Warum Haloerscheinungen am Himmel so faszinierend sind

17. März 2026

Haloerscheinungen am Himmel ziehen die Menschen seit jeher in ihren Bann. Diese faszinierenden optischen Phänomene, die oft in kalten, klaren Nächten oder über das Jahr verteilt bei bestimmten Wetterbedingungen zu beobachten sind, entstehen durch die Interaktion von Sonnen- oder Mondlicht mit Eiskristallen in der Atmosphäre. Dabei zeigen sie sich in verschiedenen Formen, darunter Ringe, Lichtsäulen und farbenfrohe Bögen, die einen Eindruck von Magie und Schönheit hinterlassen.
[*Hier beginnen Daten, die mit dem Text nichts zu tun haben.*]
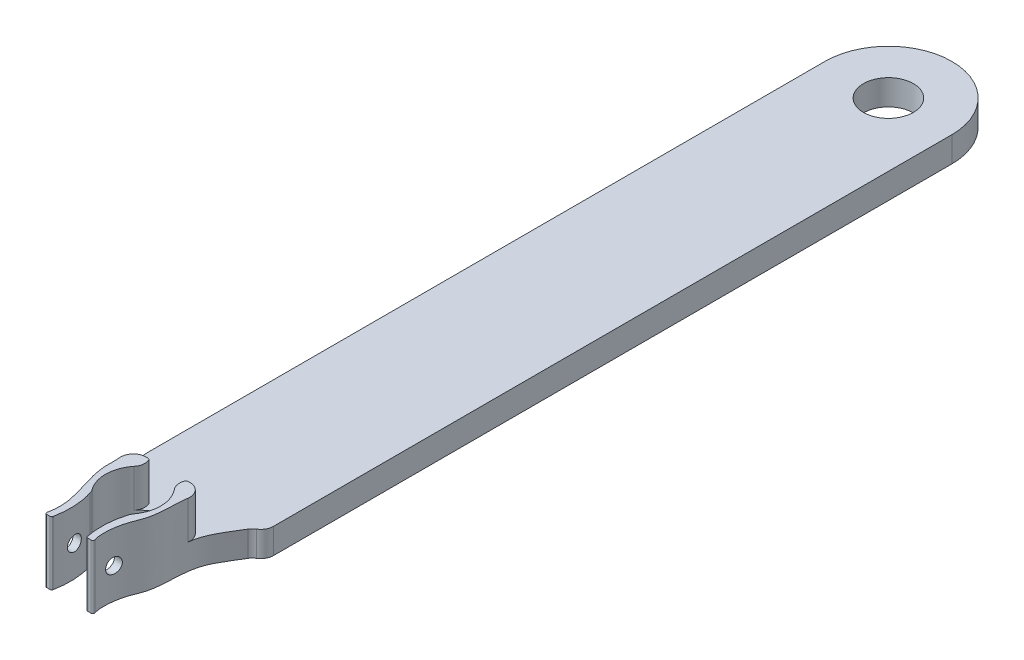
ISO-10303-21;
HEADER;
FILE_DESCRIPTION(('STEP AP214'),'2;1');
FILE_NAME('part.step','',(''),(''),'','','');
FILE_SCHEMA(('AUTOMOTIVE_DESIGN { 1 0 10303 214 1 1 1 1 }'));
ENDSEC;
DATA;
#1=APPLICATION_CONTEXT('core data for automotive mechanical design processes');
#2=APPLICATION_PROTOCOL_DEFINITION('international standard','automotive_design',2000,#1);
#3=PRODUCT_CONTEXT('',#1,'mechanical');
#4=PRODUCT('Part','Part','',(#3));
#5=PRODUCT_RELATED_PRODUCT_CATEGORY('part','',(#4));
#6=PRODUCT_DEFINITION_FORMATION('','',#4);
#7=PRODUCT_DEFINITION_CONTEXT('part definition',#1,'design');
#8=PRODUCT_DEFINITION('design','',#6,#7);
#9=PRODUCT_DEFINITION_SHAPE('','',#8);
#10=(LENGTH_UNIT() NAMED_UNIT(*) SI_UNIT(.MILLI.,.METRE.));
#11=(NAMED_UNIT(*) PLANE_ANGLE_UNIT() SI_UNIT($,.RADIAN.));
#12=(NAMED_UNIT(*) SI_UNIT($,.STERADIAN.) SOLID_ANGLE_UNIT());
#13=UNCERTAINTY_MEASURE_WITH_UNIT(LENGTH_MEASURE(1.E-05),#10,'distance_accuracy_value','');
#14=(GEOMETRIC_REPRESENTATION_CONTEXT(3) GLOBAL_UNCERTAINTY_ASSIGNED_CONTEXT((#13)) GLOBAL_UNIT_ASSIGNED_CONTEXT((#10,
#11,#12)) REPRESENTATION_CONTEXT('',''));
#15=CARTESIAN_POINT('',(0.,0.,0.));
#16=DIRECTION('',(0.,0.,1.));
#17=DIRECTION('',(1.,0.,0.));
#18=AXIS2_PLACEMENT_3D('',#15,#16,#17);
#19=CARTESIAN_POINT('',(-6.93411925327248,12.7,15.7482204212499));
#20=DIRECTION('',(0.,-1.,0.));
#21=DIRECTION('',(0.,0.,-1.));
#22=AXIS2_PLACEMENT_3D('',#19,#20,#21);
#23=PLANE('',#22);
#24=CARTESIAN_POINT('',(4.36822366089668,12.7,14.8654854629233));
#25=DIRECTION('',(0.,-1.,0.));
#26=DIRECTION('',(0.,0.,-1.));
#27=AXIS2_PLACEMENT_3D('',#24,#25,#26);
#28=CIRCLE('',#27,2.54);
#29=CARTESIAN_POINT('',(6.88580314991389,12.7,15.2022250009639));
#30=VERTEX_POINT('',#29);
#31=CARTESIAN_POINT('',(3.65212142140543,12.7,12.4285206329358));
#32=VERTEX_POINT('',#31);
#33=EDGE_CURVE('E447',#30,#32,#28,.F.);
#34=ORIENTED_EDGE('',*,*,#33,.T.);
#35=CARTESIAN_POINT('',(5.96673671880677,12.7,13.4745397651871));
#36=DIRECTION('',(0.,-1.,0.));
#37=DIRECTION('',(0.,0.,-1.));
#38=AXIS2_PLACEMENT_3D('',#35,#36,#37);
#39=CIRCLE('',#38,2.54);
#40=CARTESIAN_POINT('',(3.99752287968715,12.7,15.0788454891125));
#41=VERTEX_POINT('',#40);
#42=EDGE_CURVE('E797',#32,#41,#39,.F.);
#43=ORIENTED_EDGE('',*,*,#42,.T.);
#44=CARTESIAN_POINT('',(-1.25597785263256,12.7,19.3588384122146));
#45=DIRECTION('',(0.,-1.,0.));
#46=DIRECTION('',(0.,0.,-1.));
#47=AXIS2_PLACEMENT_3D('',#44,#45,#46);
#48=CIRCLE('',#47,6.77625334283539);
#49=CARTESIAN_POINT('',(4.21241176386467,12.7,23.3606285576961));
#50=VERTEX_POINT('',#49);
#51=EDGE_CURVE('E369',#41,#50,#48,.T.);
#52=ORIENTED_EDGE('',*,*,#51,.T.);
#53=CARTESIAN_POINT('',(6.26217420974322,12.7,24.8606531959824));
#54=DIRECTION('',(0.,1.,0.));
#55=DIRECTION('',(0.,0.,1.));
#56=AXIS2_PLACEMENT_3D('',#53,#54,#55);
#57=CIRCLE('',#56,2.54);
#58=CARTESIAN_POINT('',(3.83488723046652,12.7,24.1124032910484));
#59=VERTEX_POINT('',#58);
#60=EDGE_CURVE('E371',#50,#59,#57,.T.);
#61=ORIENTED_EDGE('',*,*,#60,.T.);
#62=CARTESIAN_POINT('',(3.83488723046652,12.7,24.1124032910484));
#63=CARTESIAN_POINT('',(3.66684486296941,12.7,24.6575247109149));
#64=CARTESIAN_POINT('',(3.02859140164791,12.7,27.2020407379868));
#65=CARTESIAN_POINT('',(3.03837590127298,12.7,29.8419376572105));
#66=CARTESIAN_POINT('',(3.45189480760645,12.7,31.932369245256));
#67=B_SPLINE_CURVE_WITH_KNOTS('',3,(#62,#63,#64,#65,#66),.UNSPECIFIED.,.F.,.F.,(4,1,4),
(0.0550755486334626,0.252507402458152,0.969570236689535),.UNSPECIFIED.);
#68=CARTESIAN_POINT('',(3.45189480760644,12.7,31.932369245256));
#69=VERTEX_POINT('',#68);
#70=EDGE_CURVE('E373',#59,#69,#67,.T.);
#71=ORIENTED_EDGE('',*,*,#70,.T.);
#72=CARTESIAN_POINT('',(3.77597646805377,12.7,31.8682610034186));
#73=DIRECTION('',(0.,1.,0.));
#74=DIRECTION('',(0.,0.,1.));
#75=AXIS2_PLACEMENT_3D('',#72,#73,#74);
#76=CIRCLE('',#75,0.330361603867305);
#77=CARTESIAN_POINT('',(3.77597646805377,12.7,32.1986226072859));
#78=VERTEX_POINT('',#77);
#79=EDGE_CURVE('E378',#69,#78,#76,.T.);
#80=ORIENTED_EDGE('',*,*,#79,.T.);
#81=DIRECTION('',(1.,0.,0.));
#82=VECTOR('',#81,1.);
#83=CARTESIAN_POINT('',(4.45105676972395,12.7,32.1986226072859));
#84=LINE('',#83,#82);
#85=CARTESIAN_POINT('',(4.45105676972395,12.7,32.1986226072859));
#86=VERTEX_POINT('',#85);
#87=EDGE_CURVE('E623',#78,#86,#84,.T.);
#88=ORIENTED_EDGE('',*,*,#87,.T.);
#89=CARTESIAN_POINT('',(4.45105676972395,12.7,31.8682610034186));
#90=DIRECTION('',(0.,1.,0.));
#91=DIRECTION('',(0.,0.,-1.));
#92=AXIS2_PLACEMENT_3D('',#89,#90,#91);
#93=CIRCLE('',#92,0.330361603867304);
#94=CARTESIAN_POINT('',(4.77346849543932,12.7,31.7962230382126));
#95=VERTEX_POINT('',#94);
#96=EDGE_CURVE('E269',#86,#95,#93,.T.);
#97=ORIENTED_EDGE('',*,*,#96,.T.);
#98=CARTESIAN_POINT('',(4.77346849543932,12.7,31.7962230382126));
#99=CARTESIAN_POINT('',(4.26261652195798,12.7,30.1479997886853));
#100=CARTESIAN_POINT('',(4.52523901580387,12.7,26.6602313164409));
#101=CARTESIAN_POINT('',(7.08560364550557,12.7,20.9954102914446));
#102=CARTESIAN_POINT('',(5.48854782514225,12.7,11.2875043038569));
#103=CARTESIAN_POINT('',(12.8342449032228,12.7,5.63803468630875));
#104=CARTESIAN_POINT('',(12.6900757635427,12.7,0.501973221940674));
#105=B_SPLINE_CURVE_WITH_KNOTS('',3,(#98,#99,#100,#101,#102,#103,#104),.UNSPECIFIED.,.F.,.F.,(4,
1,1,1,4),(0.,0.239032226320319,0.296991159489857,0.579589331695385,1.),.UNSPECIFIED.);
#106=EDGE_CURVE('E264',#95,#30,#105,.T.);
#107=ORIENTED_EDGE('',*,*,#106,.T.);
#108=EDGE_LOOP('',(#34,#43,#52,#61,#71,#80,#88,#97,#107));
#109=FACE_BOUND('',#108,.T.);
#110=ADVANCED_FACE('F33',(#109),#23,.F.);
#111=CARTESIAN_POINT('',(1.25597785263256,12.7,19.3588384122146));
#112=DIRECTION('',(0.,-1.,0.));
#113=DIRECTION('',(0.,0.,1.));
#114=AXIS2_PLACEMENT_3D('',#111,#112,#113);
#115=CIRCLE('',#114,6.77625334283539);
#116=CARTESIAN_POINT('',(-4.21241176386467,12.7,23.3606285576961));
#117=VERTEX_POINT('',#116);
#118=CARTESIAN_POINT('',(-4.02602229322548,12.7,15.1140670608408));
#119=VERTEX_POINT('',#118);
#120=EDGE_CURVE('E366',#117,#119,#115,.T.);
#121=ORIENTED_EDGE('',*,*,#120,.T.);
#122=CARTESIAN_POINT('',(-6.00591880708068,12.7,13.5229637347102));
#123=DIRECTION('',(0.,-1.,0.));
#124=DIRECTION('',(0.,0.,-1.));
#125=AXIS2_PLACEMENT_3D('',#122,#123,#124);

Diese Naturerscheinungen treten besonders häufig in der oberen Troposphäre auf, wo Schleierwolken und Cirruswolken die idealen Bedingungen für die Entstehung von Halos schaffen.

Besonders in der Winterzeit sind in Deutschland unter klaren Himmelbedingungen vielfältige Halos zu sehen. Eine regelmäßige Beobachtung des Himmels kann sich lohnen, da Halos in den jeweiligen Regionen des Landes variieren können und häufig während kalter Tage erscheinen. Die Brechung und Reflexion des Lichtes an den hexagonalen Kristallen sorgt für die Weichheit und Farbigkeit dieser Himmelstänze, welche sowohl die Kleinen als auch die Großen verzaubern.

Wie entstehen Haloerscheinungen?

Haloerscheinungen zeigen sich, wenn das Licht von der Sonne oder dem Mond auf Eiskristalle in der oberen Atmosphäre trifft. Diese Kristalle sind normalerweise in Cirrus- oder Cirrostratuswolken zu finden, die vor allem in den kühleren Monaten gedeihen. Das Licht wird durch die Kristalle gebrochen und manchmal auch reflektiert, was charakteristische Kreise oder Bögen um die Lichtquelle erzeugt.

Vielfältige Formen von Halos

  • 🌈 22° Halo: Ein leuchtender Ring mit einem Radius von etwa 22 Grad um die Lichtquelle.
  • 🌞 46° Halo: Ein weniger heller, weiterer Ring um die Sonne oder den Mond.
  • 🔆 Lichtsäulen: Vertikale Lichtstrahlen, die über oder unter der Sonne oder dem Mond sichtbar sind.
  • Nebensonnen: Helle Flecken, die auf beiden Seiten des Sonnenhalos erscheinen.
  • 🎨 Zirkumzenitalbogen: Ein farbiger, umgekehrter Bogen über der Lichtquelle.

Das Phänomen des Eisnebelhalos

Ein besonders beeindruckendes Erlebnis ist der Eisnebelhalo, der auch als Diamantstaubhalo bekannt ist. Dieser tritt auf, wenn winzige Eiskristalle in der unteren Atmosphäre bei Temperaturen von unter -20 °C existieren. Diese Form der Haloerscheinung ist besonders magisch, da sie oft in schimmerndem Licht erscheint, das an funkelnde Diamanten erinnert.

Beobachtungsstrategien für den Eisnebelhalo

Um den Eisnebelhalo zu erleben, sollte man an einem klaren Wintertag oder einer kalten Nacht nach draußen gehen. Die besten Bedingungen treten in Regionen mit trockener, kalter Luft auf. Ein Tipp zur Beobachtung: Positionieren Sie sich mit dem Rücken zur Sonne und halten Sie Ausschau nach den typischen Effekten im Himmel.

Faszination der Naturerscheinungen

Haloerscheinungen sind nicht nur ein wunderschönes Schauspiel der Natur, sondern auch ein faszinierendes Beispiel für die komplexen physikalischen Prozesse, die ständig um uns herum ablaufen. Ihre Entstehung hängt maßgeblich von der Atmosphäre und den jeweils herrschenden Wetterphänomenen ab.

Das nächste Mal, wenn die Gelegenheit kommt, den Himmel zu beobachten, lohnt es sich, gezielt nach diesen Lichteffekten Ausschau zu halten. Schließlich entfalten die Halos nicht nur ihre Schönheit, sondern laden auch dazu ein, sich mit den Geheimnissen der Natur auseinanderzusetzen und die eigene Umgebung neu zu entdecken.